Task instructions:
Nothing but the lines from the start of the entries below through the line containing "- moved C5 108.6" should appear in the answer, copied exactly and free of pictures.

+++++

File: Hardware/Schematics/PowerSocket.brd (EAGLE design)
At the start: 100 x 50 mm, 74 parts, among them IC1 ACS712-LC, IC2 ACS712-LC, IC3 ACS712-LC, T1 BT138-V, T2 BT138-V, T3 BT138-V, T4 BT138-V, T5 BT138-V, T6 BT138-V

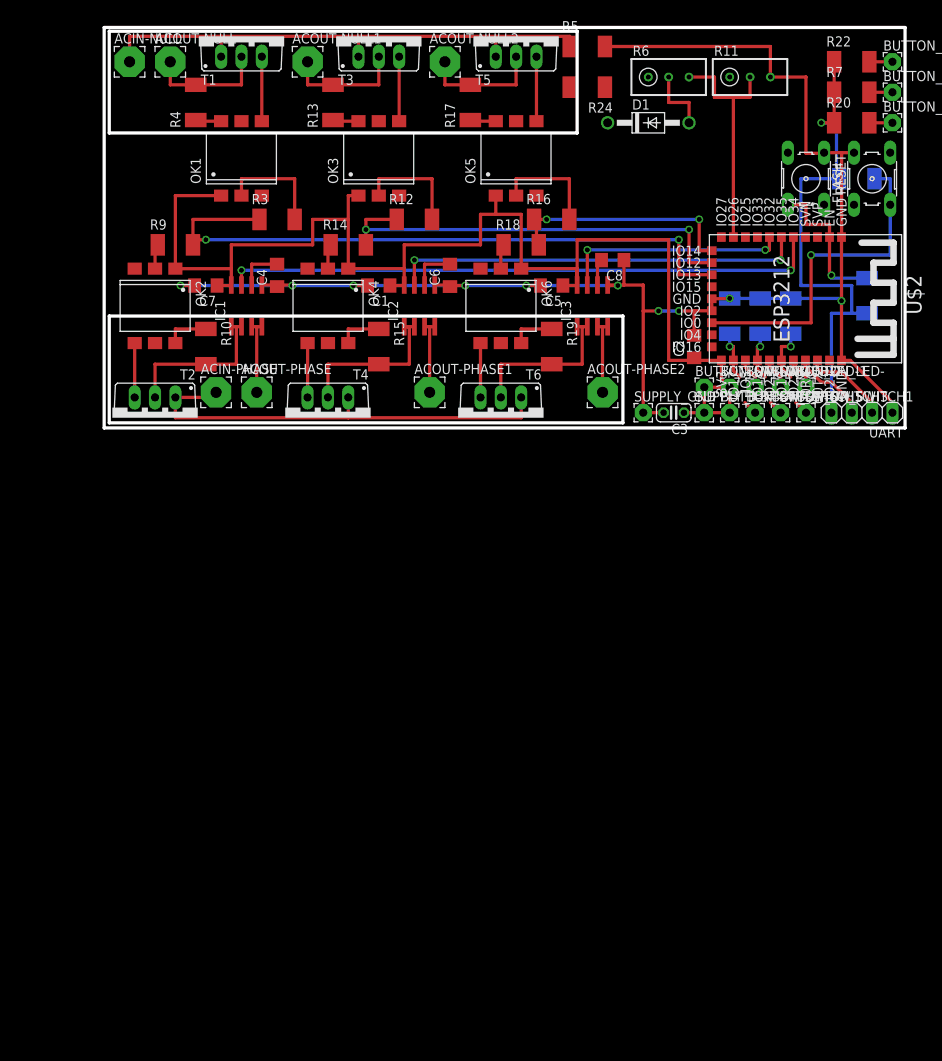
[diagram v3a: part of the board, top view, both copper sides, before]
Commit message: Schematic changes: Added JTAG pins. Changed some resistors to 0805 type. Only use 3 holes for the buttons. Changed current sensor to 3.3V tolerant ACS710. Some rewiring needed on board.
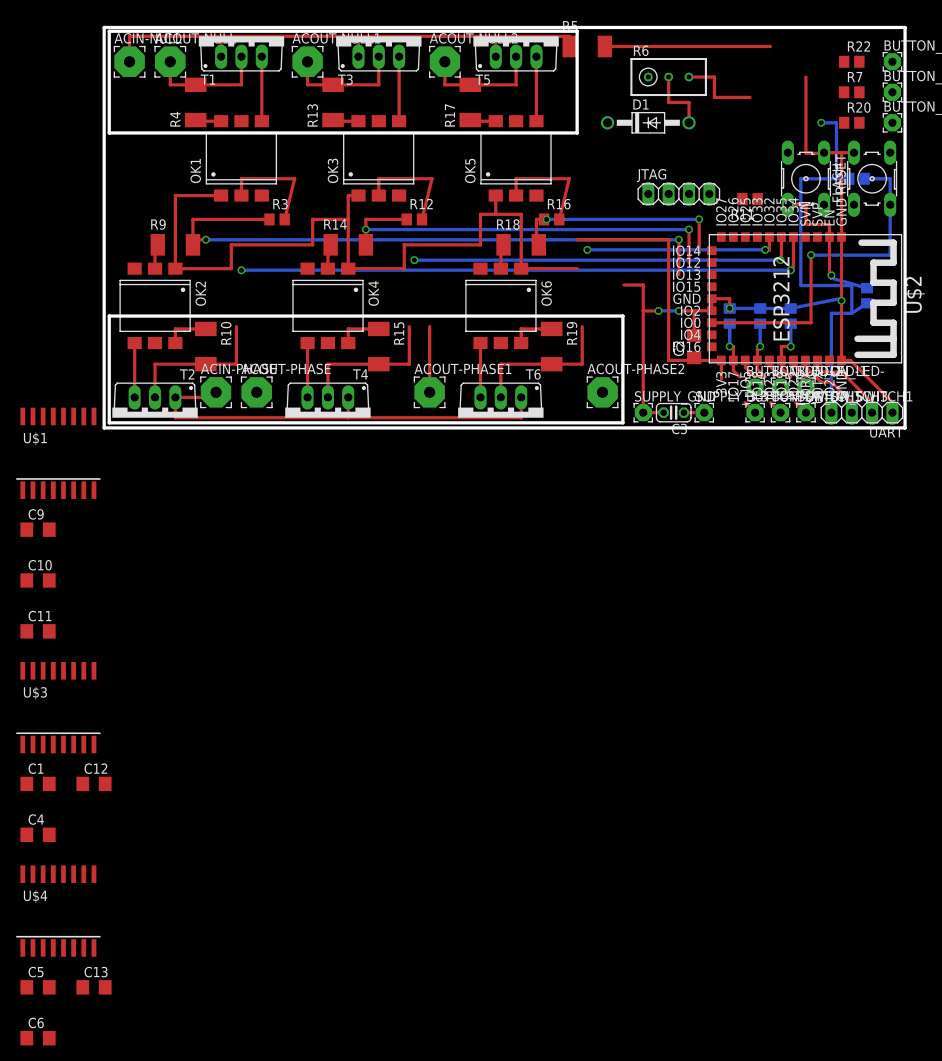
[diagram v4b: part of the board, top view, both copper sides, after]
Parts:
- removed BUTTON_SWITCH2, BUTTON_SWITCH4, BUTTON_SWITCH6: -, wirepad:2,15/1,0
- removed C7: 100nF, rcl:C1206
- removed C8: 470nF, rcl:C1206
- removed IC1, IC2, IC3: ACS712-LC, allegro-2:SOIC8
- removed R24: 0, eagle-ltspice:R2010
- added C10: 1nF, rcl:C1206
- added C11, C12, C13: 100nF, rcl:C1206
- added C9: 470nF, rcl:C1206
- added JTAG: -, pinhead:1X04
- added U$1, U$3, U$4: ACS710, PowerSocket:SO-16DW
- BUTTON_LED+: value - -> BUTTON_VCC
- C1, C5: value 100nF -> 470nF
- C4, C6: value 470nF -> 1nF
- R1, R12, R16, R2, R20, R21, R22, R23, R3, R7, R8: device eagle-ltspice:R2010 -> rcl:R0805
- R11: device rcl:RTRIM3296W -> rcl:R0805
- moved C5 108.6 mm to (-8.26, -69.8), turned to 0 degrees
- moved C6 108.3 mm to (-8.26, -76.2), turned to 0 degrees
- moved C4 76.0 mm to (-8.26, -50.8), turned to 0 degrees
- moved C1 75.4 mm to (-8.26, -44.5), turned to 0 degrees
- moved R11 15.2 mm to (80.6, 28.6), turned to 180 degrees
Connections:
- removed net N$27: IC2.7, U$2.IO35
- removed net N$37: BUTTON_LED+2.1, R22.2
- removed net N$40: C8.2, IC3.6
- removed net N$50: ACOUT-PHASE2.1, IC3.3, IC3.4
- new net N$55: C9.2, U$1.11
- new net N$56: JTAG.4, U$2.IO14
- new net N$57: JTAG.3, U$2.IO12
- new net N$58: JTAG.2, U$2.IO13
- new net N$59: JTAG.1, U$2.IO15
- new net N$60: C10.2, U$1.10
- new net N$61: U$3.5, U$3.6, U$3.7, U$3.8
- new net N$62: C1.2, U$3.11
- new net N$63: C4.2, U$3.10
- new net N$64: C5.2, U$4.11
- new net N$65: C6.2, U$4.10
- new net NFAULT: U$1.13, U$3.13, U$4.13
- net GND: now also C1.1, C10.1, C11.1, C12.1, C13.1, C5.1, C9.1, R11.2, U$1.16, U$1.9, U$3.16, U$3.9, U$4.16, U$4.9; no longer C1.2, C5.2, C7.2, C8.1, IC1.5, IC2.5, IC3.5, R11.3
- net N$11: now also U$2.IO35, U$3.12; no longer C4.2, IC1.6
- net N$12: now also U$1.12; no longer IC1.7
- net N$13: now also U$1.5, U$1.6, U$1.7, U$1.8; no longer IC1.3, IC1.4
- net N$15: now also BUTTON_LED-.1, R7.1; no longer BUTTON_LED+.1, R7.2
- net N$16: now also BUTTON_LED-1.1, R20.1; no longer BUTTON_LED+1.1, R20.2
- net N$23: now also U$1.1, U$1.2, U$1.3, U$1.4; no longer IC1.1, IC1.2
- net N$25: now also U$2.IO26; no longer U$2.IO12
- net N$26: now also BUTTON_LED-2.1, R22.1; no longer C6.2, IC2.6
- net N$3: now also R11.1, U$2.IO33; no longer R11.2, U$2.IO26
- net N$31: now also R20.2; no longer BUTTON_LED-1.1
- net N$35: now also U$4.5, U$4.6, U$4.7, U$4.8; no longer IC2.1, IC2.2, R15.2, T4.T2
- net N$36: no longer IC2.3, IC2.4
- net N$41: now also U$4.12; no longer IC3.7
- net N$49: now also U$4.1, U$4.2, U$4.3, U$4.4; no longer IC3.1, IC3.2
- net N$51: now also D1.C; no longer R24.2
- net N$52: now also R22.2; no longer BUTTON_LED-2.1
- net N$53: now also R15.2, T4.T2, U$3.1, U$3.2, U$3.3, U$3.4; no longer D1.C, R24.1
- net N$54: now also U$2.IO27; no longer U$2.IO14
- net N$8: now also U$2.IO25; no longer U$2.IO13
- net N$9: now also R7.2; no longer BUTTON_LED-.1
- net VCC: now also BUTTON_LED+.1, BUTTON_LED+1.1, BUTTON_LED+2.1, C11.2, C12.2, C13.2, U$1.14, U$1.15, U$3.14, U$3.15, U$4.14, U$4.15; no longer BUTTON_SWITCH2.1, BUTTON_SWITCH4.1, BUTTON_SWITCH6.1, C1.1, C5.1, C7.1, IC1.8, IC2.8, IC3.8, R20.1, R22.1, R7.1
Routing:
- net GND: track 205.4 -> 123.8 mm, vias 10 -> 4
- net N$27: track 51.8 -> 0.00 mm, vias 2 -> 0
- net N$11: track 5.79 -> 48.7 mm, vias 0 -> 2
- net VCC: track 231.4 -> 193.2 mm
- net N$35: track 20.9 -> 0.00 mm
- net N$3: track 30.1 -> 10.2 mm
- net N$53: track 0.00 -> 19.0 mm
- net N$50: track 9.47 -> 0.00 mm
- net N$13: track 9.46 -> 0.00 mm
- net N$26: track 5.78 -> 0.00 mm
- net N$41: track 28.7 -> 24.3 mm
- net N$40: track 3.62 -> 0.00 mm
- net N$37: track 2.88 -> 0.00 mm
- net N$16: track 2.88 -> 0.00 mm
- net N$15: track 2.88 -> 0.00 mm
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
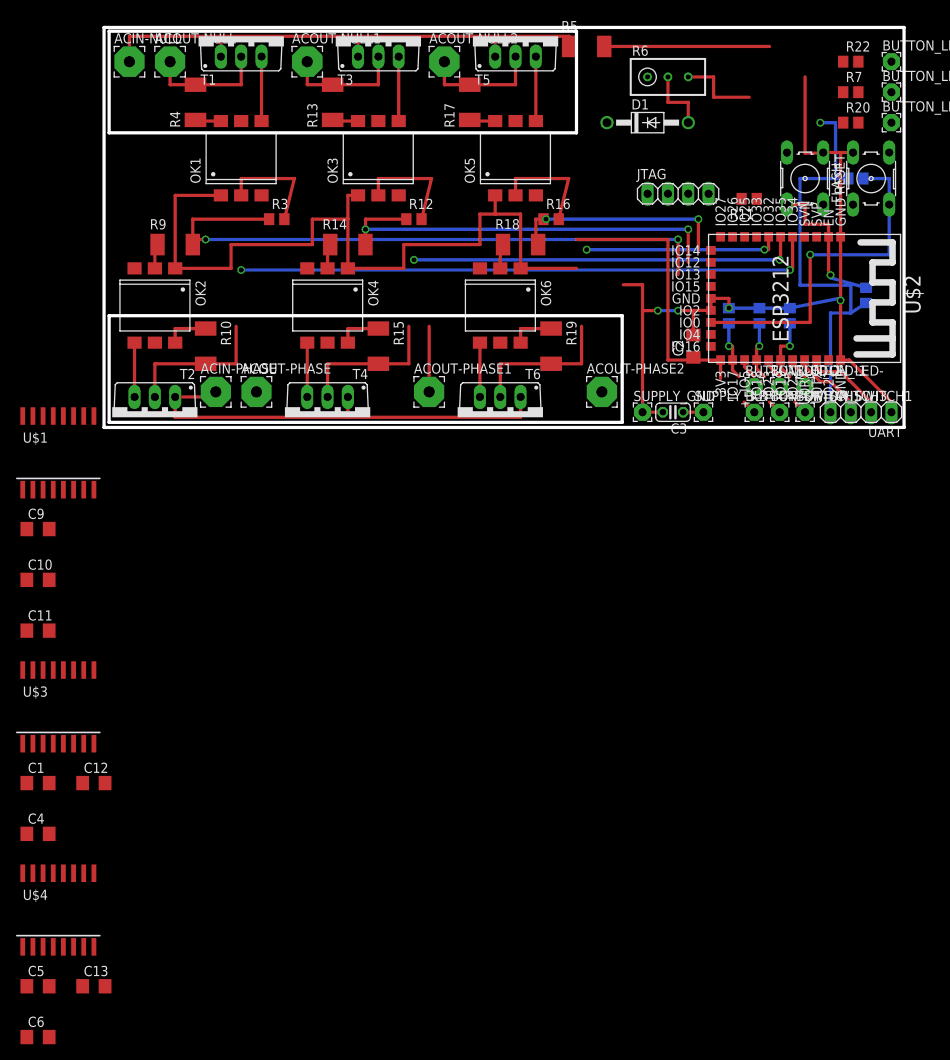
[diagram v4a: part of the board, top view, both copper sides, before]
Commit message: Did some routing of the board.
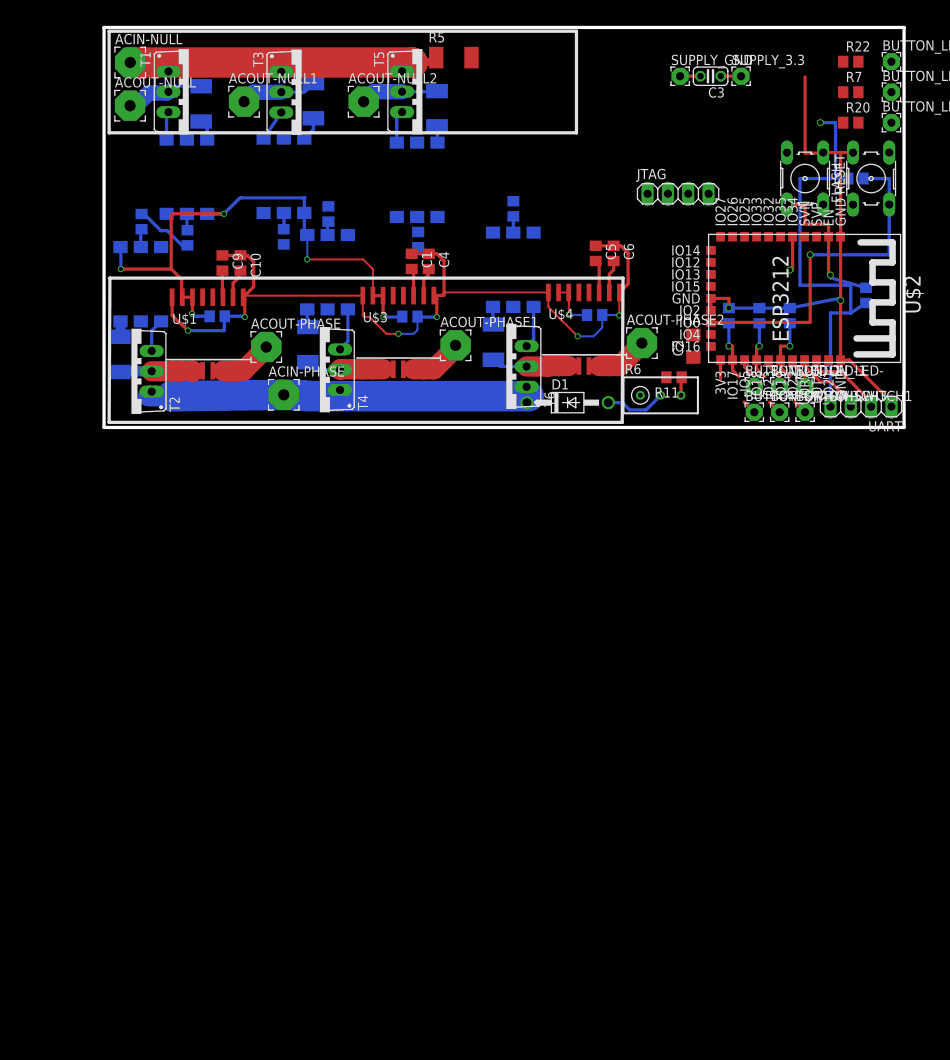
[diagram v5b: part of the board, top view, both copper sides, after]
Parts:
- C1, C10, C11, C12, C13, C4, C5, C6, C9: device rcl:C1206 -> rcl:C0805
- R14, R18: device eagle-ltspice:R2010 -> rcl:C0805
- R9: device eagle-ltspice:R2010 -> rcl:R0805
- moved C6 121.5 mm to (63.7, 21.8), turned to 270 degrees
- moved C5 115.1 mm to (61.5, 21.8), turned to 270 degrees
- moved C13 104.7 mm to (61.3, 14.1), flipped to the bottom
- moved U$4 97.9 mm to (60.0, 12.3)
- moved C4 86.6 mm to (40.6, 20.8), turned to 270 degrees
- moved C1 80.2 mm to (38.5, 20.8), turned to 270 degrees
- moved C12 70.4 mm to (38.2, 13.8), flipped to the bottom
- moved U$3 63.2 mm to (36.8, 11.9)
- moved C10 47.0 mm to (17.1, 20.6), turned to 270 degrees
- moved C11 45.2 mm to (14.1, 13.9), flipped to the bottom
- moved C3 42.3 mm to (75.8, 43.9)
- moved SUPPLY_3.3 42.3 mm to (79.6, 43.9)
- moved SUPPLY_GND 42.3 mm to (72.0, 43.9)
- moved C9 40.5 mm to (14.8, 20.6), turned to 270 degrees
- moved R6 39.8 mm to (69.6, 4.01)
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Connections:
- removed net N$61: U$3.5, U$3.6, U$3.7, U$3.8
- removed net NFAULT: U$1.13, U$3.13, U$4.13
- new net N$27: U$1.13
- new net N$40: U$3.13
- new net N$50: U$4.13
- net N$35: now also ACOUT-PHASE2.1
- net N$36: now also U$3.5, U$3.6, U$3.7, U$3.8
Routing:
- net N$8: track 77.8 -> 7.15 mm, vias 2 -> 0
- net N$12: track 73.1 -> 4.49 mm, vias 2 -> 1
- net GND: track 123.8 -> 180.6 mm, vias 4 -> 8
- net N$25: track 52.8 -> 0.00 mm, vias 2 -> 0
- net VCC: track 193.2 -> 140.7 mm, vias 1 -> 7
- net N$11: track 48.7 -> 0.00 mm, vias 2 -> 0
- net N$54: track 27.7 -> 0.00 mm, vias 2 -> 0
- net N$41: track 24.3 -> 0.00 mm, vias 2 -> 0
- net N$42: track 14.0 -> 0.00 mm
- net N$28: track 14.0 -> 2.03 mm
- net N$6: track 14.0 -> 2.06 mm
- net N$23: track 19.0 -> 10.6 mm
- net N$13: track 0.00 -> 7.98 mm
- net N$49: track 19.0 -> 11.0 mm
- net N$53: track 19.0 -> 11.1 mm
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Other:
- outline, holes or cut-outs redrawn

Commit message: Routed board.
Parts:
- moved BUTTON_LED+2 42.8 mm to (91.8, 3.42)
- moved BUTTON_LED+ 38.5 mm to (95.1, 3.51)
- moved R22 36.3 mm to (78.6, 12.5), turned to 90 degrees
- moved BUTTON_LED+1 34.6 mm to (98.2, 3.50)
- moved R7 29.3 mm to (88.0, 13.1), turned to 135 degrees
- moved R1 28.0 mm to (84.5, 42.4), turned to 0 degrees
- moved R20 26.5 mm to (82.9, 13.7), turned to 90 degrees
- moved R2 12.1 mm to (97.1, 42.8)
- moved RESET 11.8 mm to (88.3, 42.9)
- moved FLASH 11.8 mm to (95.9, 42.9)
- moved C2 11.6 mm to (69.4, 21.0)
- moved C3 10.9 mm to (65.1, 46.2)
- moved SUPPLY_3.3 10.9 mm to (68.9, 46.2)
- moved BUTTON_SWITCH5 10.8 mm to (73.4, 9.21)
- moved SUPPLY_GND 10.7 mm to (61.5, 46.2)
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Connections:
- net N$3: now also U$2.IO4; no longer U$2.IO33
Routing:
- net VCC: track 140.7 -> 259.1 mm, vias 7 -> 10
- net N$12: track 4.49 -> 95.3 mm, vias 1 -> 0
- net N$8: track 7.15 -> 88.5 mm, vias 0 -> 3
- net N$11: track 0.00 -> 76.8 mm
- net N$25: track 0.00 -> 71.1 mm, vias 0 -> 3
- net GND: track 180.6 -> 232.6 mm, vias 8 -> 10
- net N$54: track 0.00 -> 47.7 mm, vias 0 -> 1
- net N$41: track 0.00 -> 44.1 mm, vias 0 -> 2
- net N$3: track 2.27 -> 20.4 mm, vias 0 -> 1
- net N$2: track 19.2 -> 11.6 mm, vias 1 -> 0
- net N$59: track 0.00 -> 5.82 mm
- net N$56: track 0.00 -> 5.35 mm
- net N$58: track 0.00 -> 5.34 mm
- net N$7: track 43.5 -> 38.3 mm, vias 1 -> 2
- net N$39: track 9.26 -> 14.4 mm
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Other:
- board size 100 x 50 mm -> 100 x 47.6 mm

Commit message: Some Routing improvements.
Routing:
- net N$8: track 88.5 -> 101.6 mm, vias 3 -> 1
- net N$41: track 44.1 -> 41.9 mm
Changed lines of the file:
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@@
 <wire x1="10.1" y1="22.4" x2="10.435" y2="22.4" width="0.4064" layer="16"/>
 <wire x1="10.435" y1="22.4" x2="10.435" y2="22.76" width="0.4064" layer="16"/>
-<wire x1="79.765" y1="32.83" x2="79.765" y2="35.035" width="0.4064" layer="1"/>
-<wire x1="79.765" y1="35.035" x2="77.7" y2="37.1" width="0.4064" layer="1"/>
-<wire x1="77.7" y1="37.1" x2="77.5" y2="37.3" width="0.4064" layer="1"/>
-<wire x1="10.435" y1="22.76" x2="10.595" y2="22.6" width="0.4064" layer="16"/>
-<wire x1="10.595" y1="22.6" x2="17.6" y2="22.6" width="0.4064" layer="16"/>
-<wire x1="17.6" y1="22.6" x2="18" y2="23" width="0.4064" layer="16"/>
-<wire x1="18" y1="23" x2="18" y2="24.8" width="0.4064" layer="16"/>
-<via x="18" y="24.8" extent="1-16" drill="0.6" shape="square"/>
-<wire x1="18" y1="24.8" x2="24.8" y2="31.6" width="0.4064" layer="1"/>
-<wire x1="24.8" y1="31.6" x2="28.8" y2="31.6" width="0.4064" layer="1"/>
-<via x="28.8" y="31.6" extent="1-16" drill="0.6" shape="square"/>
-<wire x1="28.8" y1="31.6" x2="29.8" y2="30.6" width="0.4064" layer="16"/>
-<wire x1="29.8" y1="30.6" x2="46.3" y2="30.6" width="0.4064" layer="16"/>
-<wire x1="46.3" y1="30.6" x2="52.6" y2="36.9" width="0.4064" layer="16"/>
-<wire x1="52.6" y1="36.9" x2="59.1" y2="36.9" width="0.4064" layer="16"/>
-<via x="59.1" y="36.9" extent="1-16" drill="0.6" shape="square"/>
-<wire x1="59.1" y1="36.9" x2="59.3" y2="37.1" width="0.4064" layer="1"/>
-<wire x1="59.3" y1="37.1" x2="77.7" y2="37.1" width="0.4064" layer="1"/>
+<wire x1="10.435" y1="22.76" x2="20.3" y2="22.76" width="0.4064" layer="16"/>
+<wire x1="20.3" y1="22.76" x2="20.3" y2="19.7" width="0.4064" layer="16"/>
+<wire x1="20.3" y1="19.7" x2="62.6" y2="19.7" width="0.4064" layer="16"/>
+<wire x1="62.6" y1="19.7" x2="62.6" y2="36.9" width="0.4064" layer="16"/>
+<wire x1="62.6" y1="36.9" x2="79.8" y2="36.9" width="0.4064" layer="16"/>
+<wire x1="79.8" y1="36.9" x2="79.8" y2="34.8" width="0.4064" layer="16"/>
+<via x="79.8" y="34.8" extent="1-16" drill="0.6" shape="square"/>
+<wire x1="79.8" y1="34.8" x2="79.765" y2="34.8" width="0.4064" layer="1"/>
+<wire x1="79.765" y1="34.8" x2="79.765" y2="32.83" width="0.4064" layer="1"/>
 </signal>
 <signal name="N$12">
@@
 <wire x1="60.9" y1="28.2" x2="63.7" y2="28.2" width="0.4064" layer="1"/>
 <via x="63.7" y="28.2" extent="1-16" drill="0.6" shape="square"/>
-<wire x1="63.7" y1="28.2" x2="63.7" y2="27.5" width="0.4064" layer="16"/>
-<wire x1="63.7" y1="27.5" x2="70.3" y2="20.9" width="0.4064" layer="16"/>
-<wire x1="70.3" y1="20.9" x2="70.5" y2="20.9" width="0.4064" layer="16"/>
-<wire x1="70.5" y1="20.9" x2="80.6" y2="31" width="0.4064" layer="16"/>
-<wire x1="80.6" y1="31" x2="82.8" y2="31" width="0.4064" layer="16"/>
+<wire x1="63.7" y1="28.2" x2="63.9" y2="28.5" width="0.4064" layer="16"/>
+<wire x1="63.9" y1="28.5" x2="69" y2="35.1" width="0.4064" layer="16"/>
+<wire x1="69" y1="35.1" x2="71.7" y2="35.1" width="0.4064" layer="16"/>
+<wire x1="71.7" y1="35.1" x2="74.7" y2="31" width="0.4064" layer="16"/>
+<wire x1="74.7" y1="31" x2="82.8" y2="31" width="0.4064" layer="16"/>
 <via x="82.8" y="31" extent="1-16" drill="0.6" shape="square"/>
 <wire x1="82.8" y1="31" x2="82.765" y2="31" width="0.4064" layer="1"/>

+++++

Written answer:
File: Hardware/Schematics/PowerSocket.brd (EAGLE design)
At the start: 100 x 50 mm, 74 parts, among them IC1 ACS712-LC, IC2 ACS712-LC, IC3 ACS712-LC, T1 BT138-V, T2 BT138-V, T3 BT138-V, T4 BT138-V, T5 BT138-V, T6 BT138-V

[diagram v3a: part of the board, top view, both copper sides, before]
Commit message: Schematic changes: Added JTAG pins. Changed some resistors to 0805 type. Only use 3 holes for the buttons. Changed current sensor to 3.3V tolerant ACS710. Some rewiring needed on board.
[diagram v4b: part of the board, top view, both copper sides, after]
Parts:
- removed BUTTON_SWITCH2, BUTTON_SWITCH4, BUTTON_SWITCH6: -, wirepad:2,15/1,0
- removed C7: 100nF, rcl:C1206
- removed C8: 470nF, rcl:C1206
- removed IC1, IC2, IC3: ACS712-LC, allegro-2:SOIC8
- removed R24: 0, eagle-ltspice:R2010
- added C10: 1nF, rcl:C1206
- added C11, C12, C13: 100nF, rcl:C1206
- added C9: 470nF, rcl:C1206
- added JTAG: -, pinhead:1X04
- added U$1, U$3, U$4: ACS710, PowerSocket:SO-16DW
- BUTTON_LED+: value - -> BUTTON_VCC
- C1, C5: value 100nF -> 470nF
- C4, C6: value 470nF -> 1nF
- R1, R12, R16, R2, R20, R21, R22, R23, R3, R7, R8: device eagle-ltspice:R2010 -> rcl:R0805
- R11: device rcl:RTRIM3296W -> rcl:R0805
- moved C5 108.6 mm to (-8.26, -69.8), turned to 0 degrees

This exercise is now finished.